Write out the line that contains "arc A87 (-10.7523, -45.5687)", then every following line to the end of the records below, with no other lines and no changes.

Items from a dataset:
------------------------------------

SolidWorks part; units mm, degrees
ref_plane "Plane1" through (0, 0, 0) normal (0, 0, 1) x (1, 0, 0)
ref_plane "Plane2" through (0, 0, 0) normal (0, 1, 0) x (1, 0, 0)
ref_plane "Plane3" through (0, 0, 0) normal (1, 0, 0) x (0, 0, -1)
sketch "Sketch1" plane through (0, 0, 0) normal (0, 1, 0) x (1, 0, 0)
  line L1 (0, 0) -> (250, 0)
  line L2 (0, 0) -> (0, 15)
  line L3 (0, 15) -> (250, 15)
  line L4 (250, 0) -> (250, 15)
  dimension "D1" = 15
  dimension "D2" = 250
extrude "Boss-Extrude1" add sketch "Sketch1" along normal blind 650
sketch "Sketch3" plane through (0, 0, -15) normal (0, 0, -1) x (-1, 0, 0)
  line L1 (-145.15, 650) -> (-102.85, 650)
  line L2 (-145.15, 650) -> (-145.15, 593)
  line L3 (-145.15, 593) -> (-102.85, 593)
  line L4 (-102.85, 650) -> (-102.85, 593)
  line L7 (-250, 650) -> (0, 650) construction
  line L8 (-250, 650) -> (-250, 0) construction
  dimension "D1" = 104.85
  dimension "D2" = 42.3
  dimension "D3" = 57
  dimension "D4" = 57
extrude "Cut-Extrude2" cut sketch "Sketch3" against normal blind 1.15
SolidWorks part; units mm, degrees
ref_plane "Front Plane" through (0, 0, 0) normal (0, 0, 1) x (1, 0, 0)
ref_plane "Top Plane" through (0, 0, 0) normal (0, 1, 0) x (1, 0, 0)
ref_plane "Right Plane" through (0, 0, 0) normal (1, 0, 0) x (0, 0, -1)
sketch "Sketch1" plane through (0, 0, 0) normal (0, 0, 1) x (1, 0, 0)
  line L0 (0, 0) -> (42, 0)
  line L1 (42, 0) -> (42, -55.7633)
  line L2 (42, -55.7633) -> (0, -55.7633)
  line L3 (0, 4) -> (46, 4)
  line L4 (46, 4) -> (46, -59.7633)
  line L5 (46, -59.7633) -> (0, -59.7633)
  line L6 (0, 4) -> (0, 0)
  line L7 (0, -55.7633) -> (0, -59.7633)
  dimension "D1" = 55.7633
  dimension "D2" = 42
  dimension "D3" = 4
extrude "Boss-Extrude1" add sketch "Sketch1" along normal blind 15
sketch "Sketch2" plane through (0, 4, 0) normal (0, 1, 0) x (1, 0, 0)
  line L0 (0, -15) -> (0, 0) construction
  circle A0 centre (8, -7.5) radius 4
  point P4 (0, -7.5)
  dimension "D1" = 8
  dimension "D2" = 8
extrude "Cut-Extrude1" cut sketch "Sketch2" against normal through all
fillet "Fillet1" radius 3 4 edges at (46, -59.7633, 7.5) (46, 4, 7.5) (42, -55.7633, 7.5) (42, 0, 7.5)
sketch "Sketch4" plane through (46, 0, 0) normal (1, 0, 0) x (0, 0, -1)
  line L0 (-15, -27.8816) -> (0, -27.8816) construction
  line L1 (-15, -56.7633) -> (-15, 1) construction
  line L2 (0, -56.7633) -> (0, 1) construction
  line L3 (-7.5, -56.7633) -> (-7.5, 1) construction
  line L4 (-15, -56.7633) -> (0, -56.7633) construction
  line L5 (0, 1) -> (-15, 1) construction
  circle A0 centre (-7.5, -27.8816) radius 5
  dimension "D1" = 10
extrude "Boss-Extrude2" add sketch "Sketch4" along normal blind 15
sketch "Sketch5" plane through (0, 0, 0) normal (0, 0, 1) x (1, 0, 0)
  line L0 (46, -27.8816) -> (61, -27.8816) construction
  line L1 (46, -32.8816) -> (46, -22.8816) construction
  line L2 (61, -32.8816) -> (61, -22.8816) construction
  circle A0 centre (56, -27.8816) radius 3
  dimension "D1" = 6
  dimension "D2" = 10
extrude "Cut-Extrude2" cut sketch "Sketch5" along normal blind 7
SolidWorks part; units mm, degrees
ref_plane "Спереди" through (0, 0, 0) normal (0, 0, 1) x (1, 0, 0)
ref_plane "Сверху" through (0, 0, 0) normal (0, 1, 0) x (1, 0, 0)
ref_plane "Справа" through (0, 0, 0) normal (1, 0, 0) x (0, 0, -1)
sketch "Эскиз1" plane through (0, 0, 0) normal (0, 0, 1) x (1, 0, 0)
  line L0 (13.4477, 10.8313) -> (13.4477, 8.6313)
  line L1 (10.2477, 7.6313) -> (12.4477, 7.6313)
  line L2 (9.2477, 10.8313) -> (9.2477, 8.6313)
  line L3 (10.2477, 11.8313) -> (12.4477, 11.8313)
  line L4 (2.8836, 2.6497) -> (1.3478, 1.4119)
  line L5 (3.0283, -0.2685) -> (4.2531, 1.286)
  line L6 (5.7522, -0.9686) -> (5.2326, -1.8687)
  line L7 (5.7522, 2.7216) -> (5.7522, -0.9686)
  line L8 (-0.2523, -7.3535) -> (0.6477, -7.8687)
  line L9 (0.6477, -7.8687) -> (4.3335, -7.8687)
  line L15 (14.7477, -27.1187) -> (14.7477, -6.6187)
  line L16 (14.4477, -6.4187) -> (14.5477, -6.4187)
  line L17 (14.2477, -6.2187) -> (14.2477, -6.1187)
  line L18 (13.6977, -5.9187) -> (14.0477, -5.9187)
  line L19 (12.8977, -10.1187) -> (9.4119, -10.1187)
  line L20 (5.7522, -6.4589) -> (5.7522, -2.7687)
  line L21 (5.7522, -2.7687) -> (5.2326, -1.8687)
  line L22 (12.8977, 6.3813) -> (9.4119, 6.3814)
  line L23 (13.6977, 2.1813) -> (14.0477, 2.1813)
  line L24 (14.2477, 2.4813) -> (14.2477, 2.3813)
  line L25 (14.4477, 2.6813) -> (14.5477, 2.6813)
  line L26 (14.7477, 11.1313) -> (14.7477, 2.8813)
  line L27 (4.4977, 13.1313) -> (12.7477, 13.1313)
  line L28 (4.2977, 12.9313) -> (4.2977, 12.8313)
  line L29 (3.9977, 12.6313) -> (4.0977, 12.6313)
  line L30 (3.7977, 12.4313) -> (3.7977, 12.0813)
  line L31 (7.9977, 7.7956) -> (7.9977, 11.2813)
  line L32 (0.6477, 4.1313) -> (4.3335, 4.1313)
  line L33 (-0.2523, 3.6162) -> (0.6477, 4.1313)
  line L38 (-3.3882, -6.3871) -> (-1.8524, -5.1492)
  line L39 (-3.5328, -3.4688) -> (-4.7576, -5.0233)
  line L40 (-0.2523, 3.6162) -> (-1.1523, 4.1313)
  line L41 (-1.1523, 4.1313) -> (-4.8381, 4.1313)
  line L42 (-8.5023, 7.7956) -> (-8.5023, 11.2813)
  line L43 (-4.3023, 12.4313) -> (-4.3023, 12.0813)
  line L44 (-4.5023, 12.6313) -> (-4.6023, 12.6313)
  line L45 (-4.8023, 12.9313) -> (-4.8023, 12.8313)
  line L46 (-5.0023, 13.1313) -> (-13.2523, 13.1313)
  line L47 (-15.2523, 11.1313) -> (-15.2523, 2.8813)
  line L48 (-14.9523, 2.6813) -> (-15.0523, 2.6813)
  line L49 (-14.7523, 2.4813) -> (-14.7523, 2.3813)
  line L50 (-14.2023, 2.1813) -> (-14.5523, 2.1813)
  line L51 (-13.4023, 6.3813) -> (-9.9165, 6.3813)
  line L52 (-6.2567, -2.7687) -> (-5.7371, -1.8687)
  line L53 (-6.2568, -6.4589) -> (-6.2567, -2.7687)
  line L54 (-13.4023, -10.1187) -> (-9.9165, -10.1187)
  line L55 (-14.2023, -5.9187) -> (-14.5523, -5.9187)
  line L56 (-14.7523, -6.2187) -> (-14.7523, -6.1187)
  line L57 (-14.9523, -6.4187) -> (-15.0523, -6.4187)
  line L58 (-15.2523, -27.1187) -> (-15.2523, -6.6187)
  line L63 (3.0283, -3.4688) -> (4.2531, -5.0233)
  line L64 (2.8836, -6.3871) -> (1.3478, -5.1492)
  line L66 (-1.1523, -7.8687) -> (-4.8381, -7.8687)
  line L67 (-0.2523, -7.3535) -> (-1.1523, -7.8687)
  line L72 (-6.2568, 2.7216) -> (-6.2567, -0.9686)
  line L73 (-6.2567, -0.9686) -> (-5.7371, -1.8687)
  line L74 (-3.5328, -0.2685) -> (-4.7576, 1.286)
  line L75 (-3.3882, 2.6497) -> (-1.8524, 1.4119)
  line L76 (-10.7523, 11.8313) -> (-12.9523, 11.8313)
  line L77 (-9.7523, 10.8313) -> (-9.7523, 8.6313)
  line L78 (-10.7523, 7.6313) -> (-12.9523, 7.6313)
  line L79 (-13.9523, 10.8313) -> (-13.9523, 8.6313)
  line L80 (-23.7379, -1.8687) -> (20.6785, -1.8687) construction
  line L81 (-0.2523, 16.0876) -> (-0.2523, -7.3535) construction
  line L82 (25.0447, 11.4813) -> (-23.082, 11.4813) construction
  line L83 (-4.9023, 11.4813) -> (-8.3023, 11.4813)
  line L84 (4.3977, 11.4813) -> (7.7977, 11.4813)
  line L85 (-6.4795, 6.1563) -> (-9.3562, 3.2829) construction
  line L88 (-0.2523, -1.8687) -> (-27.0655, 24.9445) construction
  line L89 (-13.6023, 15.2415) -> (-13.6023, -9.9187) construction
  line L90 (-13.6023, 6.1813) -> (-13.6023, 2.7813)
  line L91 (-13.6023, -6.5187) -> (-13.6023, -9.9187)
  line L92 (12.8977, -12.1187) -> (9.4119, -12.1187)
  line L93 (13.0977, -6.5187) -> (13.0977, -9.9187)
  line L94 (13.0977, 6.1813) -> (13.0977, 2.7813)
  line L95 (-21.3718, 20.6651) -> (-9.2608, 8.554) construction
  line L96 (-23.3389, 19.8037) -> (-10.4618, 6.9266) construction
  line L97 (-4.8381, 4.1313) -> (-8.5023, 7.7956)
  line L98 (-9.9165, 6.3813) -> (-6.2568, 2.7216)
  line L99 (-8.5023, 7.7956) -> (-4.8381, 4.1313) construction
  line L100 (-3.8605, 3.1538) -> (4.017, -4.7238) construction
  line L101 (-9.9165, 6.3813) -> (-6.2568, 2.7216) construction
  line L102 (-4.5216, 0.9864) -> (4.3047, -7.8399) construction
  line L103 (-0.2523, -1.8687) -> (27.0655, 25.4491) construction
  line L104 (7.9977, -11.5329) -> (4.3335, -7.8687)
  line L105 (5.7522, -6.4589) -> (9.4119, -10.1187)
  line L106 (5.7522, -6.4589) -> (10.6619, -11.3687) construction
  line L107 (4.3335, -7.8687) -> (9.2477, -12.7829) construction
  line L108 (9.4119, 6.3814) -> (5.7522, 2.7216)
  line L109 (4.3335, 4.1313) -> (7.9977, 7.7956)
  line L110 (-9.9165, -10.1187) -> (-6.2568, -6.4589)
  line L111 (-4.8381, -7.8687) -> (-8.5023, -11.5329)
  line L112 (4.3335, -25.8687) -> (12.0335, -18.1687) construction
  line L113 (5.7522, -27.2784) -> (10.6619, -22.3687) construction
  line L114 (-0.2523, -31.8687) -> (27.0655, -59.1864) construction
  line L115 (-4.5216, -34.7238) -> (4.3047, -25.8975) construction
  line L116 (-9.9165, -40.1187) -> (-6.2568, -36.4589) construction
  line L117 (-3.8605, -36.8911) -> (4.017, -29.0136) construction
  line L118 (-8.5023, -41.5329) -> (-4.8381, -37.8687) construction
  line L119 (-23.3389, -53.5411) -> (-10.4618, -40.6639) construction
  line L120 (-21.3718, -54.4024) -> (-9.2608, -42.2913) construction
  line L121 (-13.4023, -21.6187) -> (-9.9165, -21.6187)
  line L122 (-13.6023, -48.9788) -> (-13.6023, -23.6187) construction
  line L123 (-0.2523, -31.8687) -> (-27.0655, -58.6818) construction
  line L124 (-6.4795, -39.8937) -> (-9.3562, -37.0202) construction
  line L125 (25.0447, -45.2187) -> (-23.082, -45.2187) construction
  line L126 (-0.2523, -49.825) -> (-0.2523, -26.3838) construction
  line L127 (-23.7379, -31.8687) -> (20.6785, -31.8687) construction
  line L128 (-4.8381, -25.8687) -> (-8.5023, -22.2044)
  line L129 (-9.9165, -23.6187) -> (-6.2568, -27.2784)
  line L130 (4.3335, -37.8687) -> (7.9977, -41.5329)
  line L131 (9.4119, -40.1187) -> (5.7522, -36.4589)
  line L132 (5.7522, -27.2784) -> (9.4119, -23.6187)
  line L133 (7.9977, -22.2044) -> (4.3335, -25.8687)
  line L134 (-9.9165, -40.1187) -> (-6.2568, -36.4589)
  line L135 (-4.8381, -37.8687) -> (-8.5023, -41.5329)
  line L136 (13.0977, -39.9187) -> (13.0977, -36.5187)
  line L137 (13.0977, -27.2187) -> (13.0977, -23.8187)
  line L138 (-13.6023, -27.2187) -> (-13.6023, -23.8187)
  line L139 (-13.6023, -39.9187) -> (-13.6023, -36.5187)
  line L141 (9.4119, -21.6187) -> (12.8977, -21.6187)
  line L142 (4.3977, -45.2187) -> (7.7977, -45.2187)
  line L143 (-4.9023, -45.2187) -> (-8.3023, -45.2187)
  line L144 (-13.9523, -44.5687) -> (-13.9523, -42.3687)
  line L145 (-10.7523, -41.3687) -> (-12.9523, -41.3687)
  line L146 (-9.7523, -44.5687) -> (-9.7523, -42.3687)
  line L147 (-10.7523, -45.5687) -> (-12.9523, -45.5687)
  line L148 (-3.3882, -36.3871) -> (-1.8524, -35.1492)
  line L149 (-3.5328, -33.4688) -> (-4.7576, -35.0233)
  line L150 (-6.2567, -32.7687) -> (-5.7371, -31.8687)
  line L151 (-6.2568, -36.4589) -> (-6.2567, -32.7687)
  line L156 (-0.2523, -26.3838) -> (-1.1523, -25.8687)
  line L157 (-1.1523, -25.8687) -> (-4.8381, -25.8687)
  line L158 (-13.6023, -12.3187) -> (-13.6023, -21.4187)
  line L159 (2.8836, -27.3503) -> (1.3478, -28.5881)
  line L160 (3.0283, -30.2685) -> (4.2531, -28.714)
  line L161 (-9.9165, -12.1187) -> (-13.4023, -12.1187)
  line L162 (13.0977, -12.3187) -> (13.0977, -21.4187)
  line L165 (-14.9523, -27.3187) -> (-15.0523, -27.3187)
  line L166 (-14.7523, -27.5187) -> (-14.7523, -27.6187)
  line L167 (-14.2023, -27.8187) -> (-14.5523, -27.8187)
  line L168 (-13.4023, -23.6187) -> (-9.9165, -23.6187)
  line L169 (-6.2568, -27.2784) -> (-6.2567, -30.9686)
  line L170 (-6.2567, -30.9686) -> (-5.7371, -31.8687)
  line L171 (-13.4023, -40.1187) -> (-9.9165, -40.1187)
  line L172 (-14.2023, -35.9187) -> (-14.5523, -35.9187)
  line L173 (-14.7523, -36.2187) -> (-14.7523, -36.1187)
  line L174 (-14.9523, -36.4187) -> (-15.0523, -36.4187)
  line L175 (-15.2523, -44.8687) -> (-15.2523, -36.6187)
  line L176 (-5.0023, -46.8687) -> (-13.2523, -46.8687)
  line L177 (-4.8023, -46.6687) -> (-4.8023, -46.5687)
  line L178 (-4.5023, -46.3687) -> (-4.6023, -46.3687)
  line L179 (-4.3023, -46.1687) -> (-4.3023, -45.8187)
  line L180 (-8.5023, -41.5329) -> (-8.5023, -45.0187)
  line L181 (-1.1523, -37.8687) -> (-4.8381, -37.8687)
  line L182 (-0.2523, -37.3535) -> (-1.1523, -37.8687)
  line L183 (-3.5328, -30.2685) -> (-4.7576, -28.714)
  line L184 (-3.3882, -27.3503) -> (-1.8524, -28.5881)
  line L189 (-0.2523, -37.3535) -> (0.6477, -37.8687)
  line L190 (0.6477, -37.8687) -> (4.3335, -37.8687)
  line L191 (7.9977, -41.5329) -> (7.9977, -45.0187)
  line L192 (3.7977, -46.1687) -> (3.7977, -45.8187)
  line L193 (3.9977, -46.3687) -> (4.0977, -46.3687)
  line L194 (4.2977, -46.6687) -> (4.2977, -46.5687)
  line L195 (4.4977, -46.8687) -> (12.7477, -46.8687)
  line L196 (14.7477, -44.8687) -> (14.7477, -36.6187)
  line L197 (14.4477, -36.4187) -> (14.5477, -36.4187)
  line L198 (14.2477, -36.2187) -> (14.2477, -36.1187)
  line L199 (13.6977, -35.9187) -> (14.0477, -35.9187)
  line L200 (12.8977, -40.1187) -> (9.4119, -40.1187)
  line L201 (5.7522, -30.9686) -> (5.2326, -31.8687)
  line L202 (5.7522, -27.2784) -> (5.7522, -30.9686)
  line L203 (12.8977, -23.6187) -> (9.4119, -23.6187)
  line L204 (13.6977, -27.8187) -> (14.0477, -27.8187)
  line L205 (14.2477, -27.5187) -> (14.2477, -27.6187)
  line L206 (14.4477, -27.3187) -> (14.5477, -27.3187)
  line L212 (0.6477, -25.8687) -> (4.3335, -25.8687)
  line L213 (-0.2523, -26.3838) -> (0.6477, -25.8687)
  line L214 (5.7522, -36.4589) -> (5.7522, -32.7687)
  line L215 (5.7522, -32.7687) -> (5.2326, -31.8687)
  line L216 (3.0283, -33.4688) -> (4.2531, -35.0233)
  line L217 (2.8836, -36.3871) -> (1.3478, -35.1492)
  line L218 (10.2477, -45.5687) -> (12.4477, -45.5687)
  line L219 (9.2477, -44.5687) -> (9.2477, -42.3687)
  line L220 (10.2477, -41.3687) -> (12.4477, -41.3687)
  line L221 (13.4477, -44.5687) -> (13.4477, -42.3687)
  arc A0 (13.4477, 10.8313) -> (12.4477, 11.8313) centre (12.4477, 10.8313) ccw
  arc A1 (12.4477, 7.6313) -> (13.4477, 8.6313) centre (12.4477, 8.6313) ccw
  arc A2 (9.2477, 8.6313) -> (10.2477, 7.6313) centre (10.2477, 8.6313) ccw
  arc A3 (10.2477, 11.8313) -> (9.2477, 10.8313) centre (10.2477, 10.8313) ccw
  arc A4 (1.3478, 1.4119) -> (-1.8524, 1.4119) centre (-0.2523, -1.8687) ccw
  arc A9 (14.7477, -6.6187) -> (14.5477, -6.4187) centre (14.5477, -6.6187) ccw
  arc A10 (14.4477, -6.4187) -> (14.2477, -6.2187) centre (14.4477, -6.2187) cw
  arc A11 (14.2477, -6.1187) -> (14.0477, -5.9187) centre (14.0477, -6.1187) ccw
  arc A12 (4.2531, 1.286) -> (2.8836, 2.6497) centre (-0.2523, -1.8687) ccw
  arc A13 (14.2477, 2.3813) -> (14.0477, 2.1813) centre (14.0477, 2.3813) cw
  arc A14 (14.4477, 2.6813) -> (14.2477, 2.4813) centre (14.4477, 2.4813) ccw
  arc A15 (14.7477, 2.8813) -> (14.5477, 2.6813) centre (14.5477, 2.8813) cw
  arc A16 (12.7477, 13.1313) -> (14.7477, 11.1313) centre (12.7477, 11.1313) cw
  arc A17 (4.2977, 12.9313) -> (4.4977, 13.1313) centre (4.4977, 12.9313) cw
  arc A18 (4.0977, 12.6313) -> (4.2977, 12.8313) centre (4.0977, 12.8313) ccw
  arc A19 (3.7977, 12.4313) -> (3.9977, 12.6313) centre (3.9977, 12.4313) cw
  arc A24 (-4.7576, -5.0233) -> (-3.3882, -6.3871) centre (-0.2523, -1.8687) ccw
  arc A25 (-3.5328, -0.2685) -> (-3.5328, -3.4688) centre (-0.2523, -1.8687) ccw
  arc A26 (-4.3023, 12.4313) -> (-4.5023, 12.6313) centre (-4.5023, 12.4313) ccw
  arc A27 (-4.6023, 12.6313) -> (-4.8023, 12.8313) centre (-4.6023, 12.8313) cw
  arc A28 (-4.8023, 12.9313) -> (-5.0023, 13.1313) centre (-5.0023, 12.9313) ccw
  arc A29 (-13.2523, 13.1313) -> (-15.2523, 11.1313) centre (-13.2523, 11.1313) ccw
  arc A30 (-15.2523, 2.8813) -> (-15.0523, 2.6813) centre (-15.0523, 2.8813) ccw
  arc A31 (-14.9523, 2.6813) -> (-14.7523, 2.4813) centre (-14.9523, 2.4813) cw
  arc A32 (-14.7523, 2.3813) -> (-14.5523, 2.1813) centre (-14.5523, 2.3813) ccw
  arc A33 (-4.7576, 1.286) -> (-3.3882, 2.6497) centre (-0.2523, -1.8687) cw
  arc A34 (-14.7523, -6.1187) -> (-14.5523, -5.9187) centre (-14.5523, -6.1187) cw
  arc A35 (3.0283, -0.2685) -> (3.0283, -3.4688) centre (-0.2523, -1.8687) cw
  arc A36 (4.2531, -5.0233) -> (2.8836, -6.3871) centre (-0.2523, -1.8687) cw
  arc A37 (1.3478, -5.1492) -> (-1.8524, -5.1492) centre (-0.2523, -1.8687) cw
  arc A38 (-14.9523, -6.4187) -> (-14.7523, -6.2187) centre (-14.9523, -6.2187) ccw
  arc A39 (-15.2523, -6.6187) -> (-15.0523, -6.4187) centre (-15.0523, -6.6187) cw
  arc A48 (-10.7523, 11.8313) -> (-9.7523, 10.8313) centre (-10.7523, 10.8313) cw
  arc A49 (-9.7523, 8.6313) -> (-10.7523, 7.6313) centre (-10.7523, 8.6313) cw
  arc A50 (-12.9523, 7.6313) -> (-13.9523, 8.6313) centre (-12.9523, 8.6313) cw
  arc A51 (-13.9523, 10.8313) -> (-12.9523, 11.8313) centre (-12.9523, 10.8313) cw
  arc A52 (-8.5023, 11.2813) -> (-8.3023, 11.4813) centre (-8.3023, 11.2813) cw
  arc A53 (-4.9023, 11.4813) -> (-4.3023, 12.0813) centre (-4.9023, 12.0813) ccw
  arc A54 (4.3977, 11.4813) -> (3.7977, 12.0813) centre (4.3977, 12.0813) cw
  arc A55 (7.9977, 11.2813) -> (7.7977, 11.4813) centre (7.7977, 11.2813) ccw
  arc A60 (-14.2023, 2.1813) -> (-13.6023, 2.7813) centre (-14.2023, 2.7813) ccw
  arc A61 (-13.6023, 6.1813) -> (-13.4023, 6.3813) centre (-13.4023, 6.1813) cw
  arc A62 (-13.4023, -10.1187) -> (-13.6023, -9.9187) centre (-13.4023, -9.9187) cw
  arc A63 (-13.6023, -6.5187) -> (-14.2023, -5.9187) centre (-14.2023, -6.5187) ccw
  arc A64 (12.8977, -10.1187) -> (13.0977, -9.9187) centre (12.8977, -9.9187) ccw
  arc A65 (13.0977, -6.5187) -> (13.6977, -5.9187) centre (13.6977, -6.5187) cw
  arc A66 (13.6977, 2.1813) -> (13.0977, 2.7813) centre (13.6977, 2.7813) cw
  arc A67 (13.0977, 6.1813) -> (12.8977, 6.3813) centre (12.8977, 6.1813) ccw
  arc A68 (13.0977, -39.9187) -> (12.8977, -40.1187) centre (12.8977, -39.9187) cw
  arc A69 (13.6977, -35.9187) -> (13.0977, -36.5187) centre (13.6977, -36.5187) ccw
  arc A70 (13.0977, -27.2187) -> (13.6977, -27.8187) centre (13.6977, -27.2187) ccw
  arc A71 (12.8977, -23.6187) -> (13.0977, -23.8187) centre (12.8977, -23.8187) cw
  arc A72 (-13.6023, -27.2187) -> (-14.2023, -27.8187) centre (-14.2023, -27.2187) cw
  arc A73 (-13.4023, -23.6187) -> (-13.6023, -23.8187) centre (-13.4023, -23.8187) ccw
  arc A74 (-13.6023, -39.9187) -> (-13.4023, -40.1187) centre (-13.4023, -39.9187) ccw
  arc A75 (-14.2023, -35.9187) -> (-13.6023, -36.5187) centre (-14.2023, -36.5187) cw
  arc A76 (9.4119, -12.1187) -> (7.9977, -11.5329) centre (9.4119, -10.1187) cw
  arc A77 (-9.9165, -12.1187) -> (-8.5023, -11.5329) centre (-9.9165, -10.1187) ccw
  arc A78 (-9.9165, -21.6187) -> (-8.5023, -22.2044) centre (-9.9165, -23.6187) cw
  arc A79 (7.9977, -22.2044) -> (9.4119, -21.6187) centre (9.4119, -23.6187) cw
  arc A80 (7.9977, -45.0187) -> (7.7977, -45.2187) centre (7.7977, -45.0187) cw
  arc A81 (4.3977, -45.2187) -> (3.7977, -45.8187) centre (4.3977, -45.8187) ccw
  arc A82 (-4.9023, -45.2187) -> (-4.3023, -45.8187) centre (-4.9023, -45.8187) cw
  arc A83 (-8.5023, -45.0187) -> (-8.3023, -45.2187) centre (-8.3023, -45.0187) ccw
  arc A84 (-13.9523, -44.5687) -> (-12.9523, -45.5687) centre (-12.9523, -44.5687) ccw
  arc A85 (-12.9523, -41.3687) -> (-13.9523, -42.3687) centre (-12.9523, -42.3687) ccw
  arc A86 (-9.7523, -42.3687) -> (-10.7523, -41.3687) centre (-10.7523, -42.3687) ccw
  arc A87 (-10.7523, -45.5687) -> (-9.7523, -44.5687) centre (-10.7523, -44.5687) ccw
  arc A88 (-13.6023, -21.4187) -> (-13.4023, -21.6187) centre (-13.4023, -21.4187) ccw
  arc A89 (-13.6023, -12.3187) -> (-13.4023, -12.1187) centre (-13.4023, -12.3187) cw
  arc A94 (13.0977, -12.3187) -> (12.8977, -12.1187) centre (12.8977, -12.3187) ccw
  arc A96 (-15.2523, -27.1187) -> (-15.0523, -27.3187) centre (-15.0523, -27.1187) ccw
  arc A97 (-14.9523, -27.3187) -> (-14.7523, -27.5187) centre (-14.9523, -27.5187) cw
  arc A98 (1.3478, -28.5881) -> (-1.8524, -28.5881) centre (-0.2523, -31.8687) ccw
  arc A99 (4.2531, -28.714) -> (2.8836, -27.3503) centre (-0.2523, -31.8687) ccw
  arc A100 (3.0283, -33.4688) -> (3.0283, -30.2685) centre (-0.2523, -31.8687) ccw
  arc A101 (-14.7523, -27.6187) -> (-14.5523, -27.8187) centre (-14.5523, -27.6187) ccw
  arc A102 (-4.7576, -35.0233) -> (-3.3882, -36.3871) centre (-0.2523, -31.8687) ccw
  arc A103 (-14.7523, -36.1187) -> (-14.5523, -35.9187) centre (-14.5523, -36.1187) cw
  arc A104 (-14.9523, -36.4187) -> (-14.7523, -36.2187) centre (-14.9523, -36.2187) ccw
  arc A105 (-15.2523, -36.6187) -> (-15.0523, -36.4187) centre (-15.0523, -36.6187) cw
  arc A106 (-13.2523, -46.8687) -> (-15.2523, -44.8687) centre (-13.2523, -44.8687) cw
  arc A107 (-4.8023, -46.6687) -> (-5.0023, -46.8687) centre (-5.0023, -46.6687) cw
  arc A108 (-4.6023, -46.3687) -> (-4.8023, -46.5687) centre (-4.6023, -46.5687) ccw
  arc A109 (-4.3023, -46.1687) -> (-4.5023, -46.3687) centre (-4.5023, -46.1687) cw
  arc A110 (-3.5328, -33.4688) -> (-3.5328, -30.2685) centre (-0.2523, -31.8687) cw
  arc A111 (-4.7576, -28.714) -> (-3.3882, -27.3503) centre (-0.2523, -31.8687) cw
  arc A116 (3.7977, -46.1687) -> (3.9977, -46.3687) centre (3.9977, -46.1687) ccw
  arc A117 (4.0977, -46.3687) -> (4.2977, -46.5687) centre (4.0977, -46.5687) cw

------------------------------------

**Response to the exercise**
  arc A87 (-10.7523, -45.5687) -> (-9.7523, -44.5687) centre (-10.7523, -44.5687) ccw
  arc A88 (-13.6023, -21.4187) -> (-13.4023, -21.6187) centre (-13.4023, -21.4187) ccw
  arc A89 (-13.6023, -12.3187) -> (-13.4023, -12.1187) centre (-13.4023, -12.3187) cw
  arc A94 (13.0977, -12.3187) -> (12.8977, -12.1187) centre (12.8977, -12.3187) ccw
  arc A96 (-15.2523, -27.1187) -> (-15.0523, -27.3187) centre (-15.0523, -27.1187) ccw
  arc A97 (-14.9523, -27.3187) -> (-14.7523, -27.5187) centre (-14.9523, -27.5187) cw
  arc A98 (1.3478, -28.5881) -> (-1.8524, -28.5881) centre (-0.2523, -31.8687) ccw
  arc A99 (4.2531, -28.714) -> (2.8836, -27.3503) centre (-0.2523, -31.8687) ccw
  arc A100 (3.0283, -33.4688) -> (3.0283, -30.2685) centre (-0.2523, -31.8687) ccw
  arc A101 (-14.7523, -27.6187) -> (-14.5523, -27.8187) centre (-14.5523, -27.6187) ccw
  arc A102 (-4.7576, -35.0233) -> (-3.3882, -36.3871) centre (-0.2523, -31.8687) ccw
  arc A103 (-14.7523, -36.1187) -> (-14.5523, -35.9187) centre (-14.5523, -36.1187) cw
  arc A104 (-14.9523, -36.4187) -> (-14.7523, -36.2187) centre (-14.9523, -36.2187) ccw
  arc A105 (-15.2523, -36.6187) -> (-15.0523, -36.4187) centre (-15.0523, -36.6187) cw
  arc A106 (-13.2523, -46.8687) -> (-15.2523, -44.8687) centre (-13.2523, -44.8687) cw
  arc A107 (-4.8023, -46.6687) -> (-5.0023, -46.8687) centre (-5.0023, -46.6687) cw
  arc A108 (-4.6023, -46.3687) -> (-4.8023, -46.5687) centre (-4.6023, -46.5687) ccw
  arc A109 (-4.3023, -46.1687) -> (-4.5023, -46.3687) centre (-4.5023, -46.1687) cw
  arc A110 (-3.5328, -33.4688) -> (-3.5328, -30.2685) centre (-0.2523, -31.8687) cw
  arc A111 (-4.7576, -28.714) -> (-3.3882, -27.3503) centre (-0.2523, -31.8687) cw
  arc A116 (3.7977, -46.1687) -> (3.9977, -46.3687) centre (3.9977, -46.1687) ccw
  arc A117 (4.0977, -46.3687) -> (4.2977, -46.5687) centre (4.0977, -46.5687) cw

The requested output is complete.